[Raw data]:
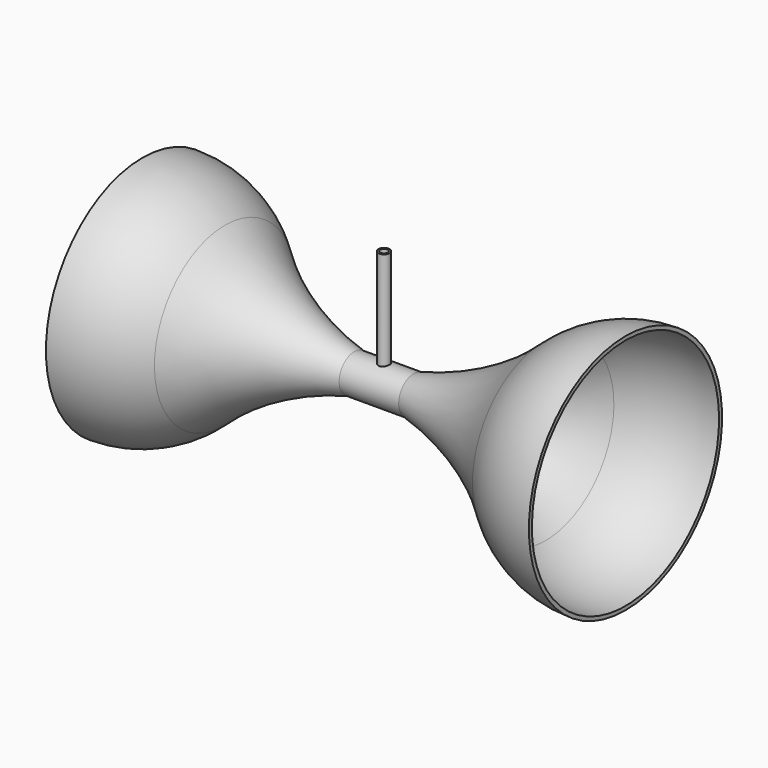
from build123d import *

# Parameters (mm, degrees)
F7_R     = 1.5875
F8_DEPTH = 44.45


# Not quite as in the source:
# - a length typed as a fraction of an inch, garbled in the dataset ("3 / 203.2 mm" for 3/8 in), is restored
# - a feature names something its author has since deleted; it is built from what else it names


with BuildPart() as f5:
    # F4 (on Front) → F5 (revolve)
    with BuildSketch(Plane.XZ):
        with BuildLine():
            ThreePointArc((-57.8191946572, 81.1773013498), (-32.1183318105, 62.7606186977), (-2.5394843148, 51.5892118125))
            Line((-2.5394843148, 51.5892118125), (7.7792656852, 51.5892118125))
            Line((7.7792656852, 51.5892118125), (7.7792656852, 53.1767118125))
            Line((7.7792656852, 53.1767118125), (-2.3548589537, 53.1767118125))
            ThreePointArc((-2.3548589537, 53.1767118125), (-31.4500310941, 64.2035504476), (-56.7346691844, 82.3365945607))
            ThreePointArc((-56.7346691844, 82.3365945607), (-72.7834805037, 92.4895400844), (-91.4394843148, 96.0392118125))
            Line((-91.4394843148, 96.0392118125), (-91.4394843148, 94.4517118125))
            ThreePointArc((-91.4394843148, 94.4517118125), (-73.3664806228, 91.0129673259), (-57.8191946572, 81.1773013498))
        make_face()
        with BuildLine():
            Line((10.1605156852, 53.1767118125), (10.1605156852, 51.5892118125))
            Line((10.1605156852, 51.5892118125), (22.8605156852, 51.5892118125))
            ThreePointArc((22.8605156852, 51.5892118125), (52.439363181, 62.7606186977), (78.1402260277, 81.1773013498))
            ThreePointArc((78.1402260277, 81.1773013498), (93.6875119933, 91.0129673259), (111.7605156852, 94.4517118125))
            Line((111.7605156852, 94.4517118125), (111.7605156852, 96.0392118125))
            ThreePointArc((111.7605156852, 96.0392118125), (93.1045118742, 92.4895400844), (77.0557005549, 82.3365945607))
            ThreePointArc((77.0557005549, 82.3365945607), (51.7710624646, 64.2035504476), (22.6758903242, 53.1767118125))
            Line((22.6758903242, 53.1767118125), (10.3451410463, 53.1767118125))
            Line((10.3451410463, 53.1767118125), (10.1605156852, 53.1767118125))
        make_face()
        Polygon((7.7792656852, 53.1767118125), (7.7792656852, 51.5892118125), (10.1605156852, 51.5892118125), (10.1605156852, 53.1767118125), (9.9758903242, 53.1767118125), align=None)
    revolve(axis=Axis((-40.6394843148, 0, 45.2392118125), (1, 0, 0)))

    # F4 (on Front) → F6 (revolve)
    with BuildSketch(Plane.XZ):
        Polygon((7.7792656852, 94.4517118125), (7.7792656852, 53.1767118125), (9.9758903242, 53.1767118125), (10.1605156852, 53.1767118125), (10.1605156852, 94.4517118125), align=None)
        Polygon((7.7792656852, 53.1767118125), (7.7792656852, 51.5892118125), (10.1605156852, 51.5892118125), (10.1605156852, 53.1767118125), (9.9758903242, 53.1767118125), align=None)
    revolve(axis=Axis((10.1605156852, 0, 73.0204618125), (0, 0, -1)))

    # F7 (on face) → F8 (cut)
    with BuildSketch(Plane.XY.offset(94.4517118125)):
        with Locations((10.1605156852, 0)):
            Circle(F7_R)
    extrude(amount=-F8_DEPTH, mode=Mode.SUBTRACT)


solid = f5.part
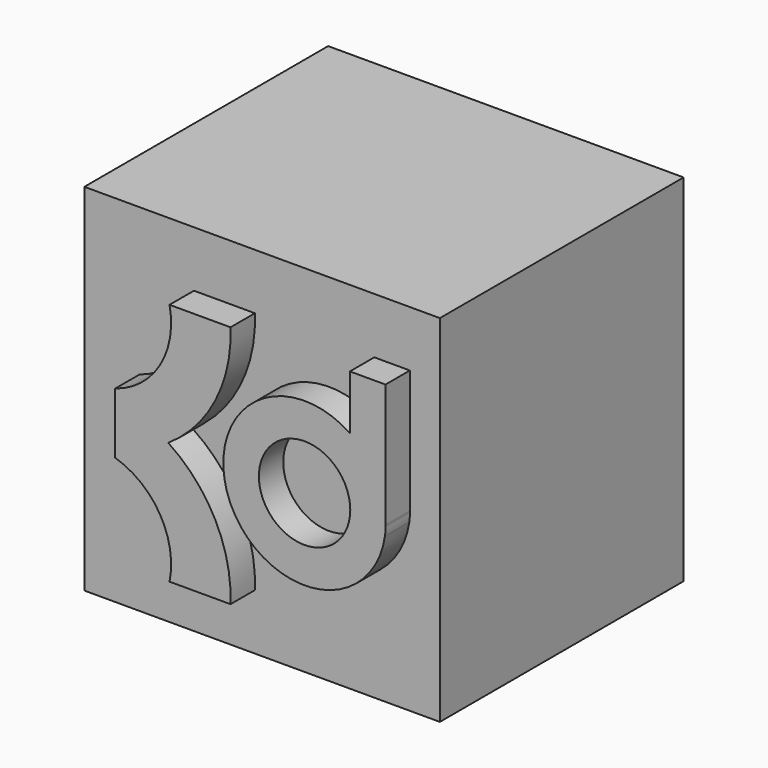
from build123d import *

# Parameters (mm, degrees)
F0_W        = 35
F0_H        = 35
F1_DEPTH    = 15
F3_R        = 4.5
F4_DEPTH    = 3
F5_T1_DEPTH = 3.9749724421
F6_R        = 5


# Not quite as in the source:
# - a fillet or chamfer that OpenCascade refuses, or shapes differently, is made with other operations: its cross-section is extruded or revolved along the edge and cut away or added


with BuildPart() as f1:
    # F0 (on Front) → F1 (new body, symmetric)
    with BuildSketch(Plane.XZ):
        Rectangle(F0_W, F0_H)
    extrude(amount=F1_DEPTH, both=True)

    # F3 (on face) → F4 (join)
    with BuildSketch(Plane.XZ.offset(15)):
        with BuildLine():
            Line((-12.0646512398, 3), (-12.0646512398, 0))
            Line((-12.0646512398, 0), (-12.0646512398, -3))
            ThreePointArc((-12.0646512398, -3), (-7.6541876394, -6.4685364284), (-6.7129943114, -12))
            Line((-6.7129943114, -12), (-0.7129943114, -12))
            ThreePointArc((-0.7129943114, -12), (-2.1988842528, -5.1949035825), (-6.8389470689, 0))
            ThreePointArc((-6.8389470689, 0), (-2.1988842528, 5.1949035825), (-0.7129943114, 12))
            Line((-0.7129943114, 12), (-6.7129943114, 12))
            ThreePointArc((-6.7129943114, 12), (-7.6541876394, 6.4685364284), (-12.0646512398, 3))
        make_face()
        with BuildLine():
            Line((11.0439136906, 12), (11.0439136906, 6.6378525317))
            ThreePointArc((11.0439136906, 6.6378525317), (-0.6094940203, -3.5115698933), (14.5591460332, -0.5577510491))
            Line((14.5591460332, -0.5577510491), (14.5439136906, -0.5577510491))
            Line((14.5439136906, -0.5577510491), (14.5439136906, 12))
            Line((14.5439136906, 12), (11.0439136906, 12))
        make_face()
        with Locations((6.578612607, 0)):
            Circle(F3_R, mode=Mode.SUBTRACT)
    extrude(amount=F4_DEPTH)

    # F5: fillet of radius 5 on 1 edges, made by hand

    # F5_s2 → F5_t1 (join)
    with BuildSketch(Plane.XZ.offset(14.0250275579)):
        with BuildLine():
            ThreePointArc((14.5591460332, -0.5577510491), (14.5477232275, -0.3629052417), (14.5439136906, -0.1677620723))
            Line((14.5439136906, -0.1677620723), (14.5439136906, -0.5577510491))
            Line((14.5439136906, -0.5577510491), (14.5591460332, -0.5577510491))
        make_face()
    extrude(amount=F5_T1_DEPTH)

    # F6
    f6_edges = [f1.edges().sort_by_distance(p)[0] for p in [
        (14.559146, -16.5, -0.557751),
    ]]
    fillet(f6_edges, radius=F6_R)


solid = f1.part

[About this task]: From the first line to the last, return the records exactly and leave the pictures behind.

[Written reply]:
from build123d import *

# Parameters (mm, degrees)
F7_R     = 1.5875
F8_DEPTH = 44.45


# Not quite as in the source:
# - a length typed as a fraction of an inch, garbled in the dataset ("3 / 203.2 mm" for 3/8 in), is restored
# - a feature names something its author has since deleted; it is built from what else it names


with BuildPart() as f5:
    # F4 (on Front) → F5 (revolve)
    with BuildSketch(Plane.XZ):
        with BuildLine():
            ThreePointArc((-57.8191946572, 81.1773013498), (-32.1183318105, 62.7606186977), (-2.5394843148, 51.5892118125))
            Line((-2.5394843148, 51.5892118125), (7.7792656852, 51.5892118125))
            Line((7.7792656852, 51.5892118125), (7.7792656852, 53.1767118125))
            Line((7.7792656852, 53.1767118125), (-2.3548589537, 53.1767118125))
            ThreePointArc((-2.3548589537, 53.1767118125), (-31.4500310941, 64.2035504476), (-56.7346691844, 82.3365945607))
            ThreePointArc((-56.7346691844, 82.3365945607), (-72.7834805037, 92.4895400844), (-91.4394843148, 96.0392118125))
            Line((-91.4394843148, 96.0392118125), (-91.4394843148, 94.4517118125))
            ThreePointArc((-91.4394843148, 94.4517118125), (-73.3664806228, 91.0129673259), (-57.8191946572, 81.1773013498))
        make_face()
        with BuildLine():
            Line((10.1605156852, 53.1767118125), (10.1605156852, 51.5892118125))
            Line((10.1605156852, 51.5892118125), (22.8605156852, 51.5892118125))
            ThreePointArc((22.8605156852, 51.5892118125), (52.439363181, 62.7606186977), (78.1402260277, 81.1773013498))
            ThreePointArc((78.1402260277, 81.1773013498), (93.6875119933, 91.0129673259), (111.7605156852, 94.4517118125))
            Line((111.7605156852, 94.4517118125), (111.7605156852, 96.0392118125))
            ThreePointArc((111.7605156852, 96.0392118125), (93.1045118742, 92.4895400844), (77.0557005549, 82.3365945607))
            ThreePointArc((77.0557005549, 82.3365945607), (51.7710624646, 64.2035504476), (22.6758903242, 53.1767118125))
            Line((22.6758903242, 53.1767118125), (10.3451410463, 53.1767118125))
            Line((10.3451410463, 53.1767118125), (10.1605156852, 53.1767118125))
        make_face()
        Polygon((7.7792656852, 53.1767118125), (7.7792656852, 51.5892118125), (10.1605156852, 51.5892118125), (10.1605156852, 53.1767118125), (9.9758903242, 53.1767118125), align=None)
    revolve(axis=Axis((-40.6394843148, 0, 45.2392118125), (1, 0, 0)))

    # F4 (on Front) → F6 (revolve)
    with BuildSketch(Plane.XZ):
        Polygon((7.7792656852, 94.4517118125), (7.7792656852, 53.1767118125), (9.9758903242, 53.1767118125), (10.1605156852, 53.1767118125), (10.1605156852, 94.4517118125), align=None)
        Polygon((7.7792656852, 53.1767118125), (7.7792656852, 51.5892118125), (10.1605156852, 51.5892118125), (10.1605156852, 53.1767118125), (9.9758903242, 53.1767118125), align=None)
    revolve(axis=Axis((10.1605156852, 0, 73.0204618125), (0, 0, -1)))

    # F7 (on face) → F8 (cut)
    with BuildSketch(Plane.XY.offset(94.4517118125)):
        with Locations((10.1605156852, 0)):
            Circle(F7_R)
    extrude(amount=-F8_DEPTH, mode=Mode.SUBTRACT)


solid = f5.part
from build123d import *

# Parameters (mm, degrees)
F0_W        = 35
F0_H        = 35
F1_DEPTH    = 15
F3_R        = 4.5
F4_DEPTH    = 3
F5_T1_DEPTH = 3.9749724421
F6_R        = 5


# Not quite as in the source:
# - a fillet or chamfer that OpenCascade refuses, or shapes differently, is made with other operations: its cross-section is extruded or revolved along the edge and cut away or added


with BuildPart() as f1:
    # F0 (on Front) → F1 (new body, symmetric)
    with BuildSketch(Plane.XZ):
        Rectangle(F0_W, F0_H)
    extrude(amount=F1_DEPTH, both=True)

    # F3 (on face) → F4 (join)
    with BuildSketch(Plane.XZ.offset(15)):
        with BuildLine():
            Line((-12.0646512398, 3), (-12.0646512398, 0))
            Line((-12.0646512398, 0), (-12.0646512398, -3))
            ThreePointArc((-12.0646512398, -3), (-7.6541876394, -6.4685364284), (-6.7129943114, -12))
            Line((-6.7129943114, -12), (-0.7129943114, -12))
            ThreePointArc((-0.7129943114, -12), (-2.1988842528, -5.1949035825), (-6.8389470689, 0))
            ThreePointArc((-6.8389470689, 0), (-2.1988842528, 5.1949035825), (-0.7129943114, 12))
            Line((-0.7129943114, 12), (-6.7129943114, 12))
            ThreePointArc((-6.7129943114, 12), (-7.6541876394, 6.4685364284), (-12.0646512398, 3))
        make_face()
        with BuildLine():
            Line((11.0439136906, 12), (11.0439136906, 6.6378525317))
            ThreePointArc((11.0439136906, 6.6378525317), (-0.6094940203, -3.5115698933), (14.5591460332, -0.5577510491))
            Line((14.5591460332, -0.5577510491), (14.5439136906, -0.5577510491))
            Line((14.5439136906, -0.5577510491), (14.5439136906, 12))
            Line((14.5439136906, 12), (11.0439136906, 12))
        make_face()
        with Locations((6.578612607, 0)):
            Circle(F3_R, mode=Mode.SUBTRACT)
    extrude(amount=F4_DEPTH)

    # F5: fillet of radius 5 on 1 edges, made by hand

    # F5_s2 → F5_t1 (join)
    with BuildSketch(Plane.XZ.offset(14.0250275579)):
        with BuildLine():
            ThreePointArc((14.5591460332, -0.5577510491), (14.5477232275, -0.3629052417), (14.5439136906, -0.1677620723))
            Line((14.5439136906, -0.1677620723), (14.5439136906, -0.5577510491))
            Line((14.5439136906, -0.5577510491), (14.5591460332, -0.5577510491))
        make_face()
    extrude(amount=F5_T1_DEPTH)

    # F6
    f6_edges = [f1.edges().sort_by_distance(p)[0] for p in [
        (14.559146, -16.5, -0.557751),
    ]]
    fillet(f6_edges, radius=F6_R)


solid = f1.part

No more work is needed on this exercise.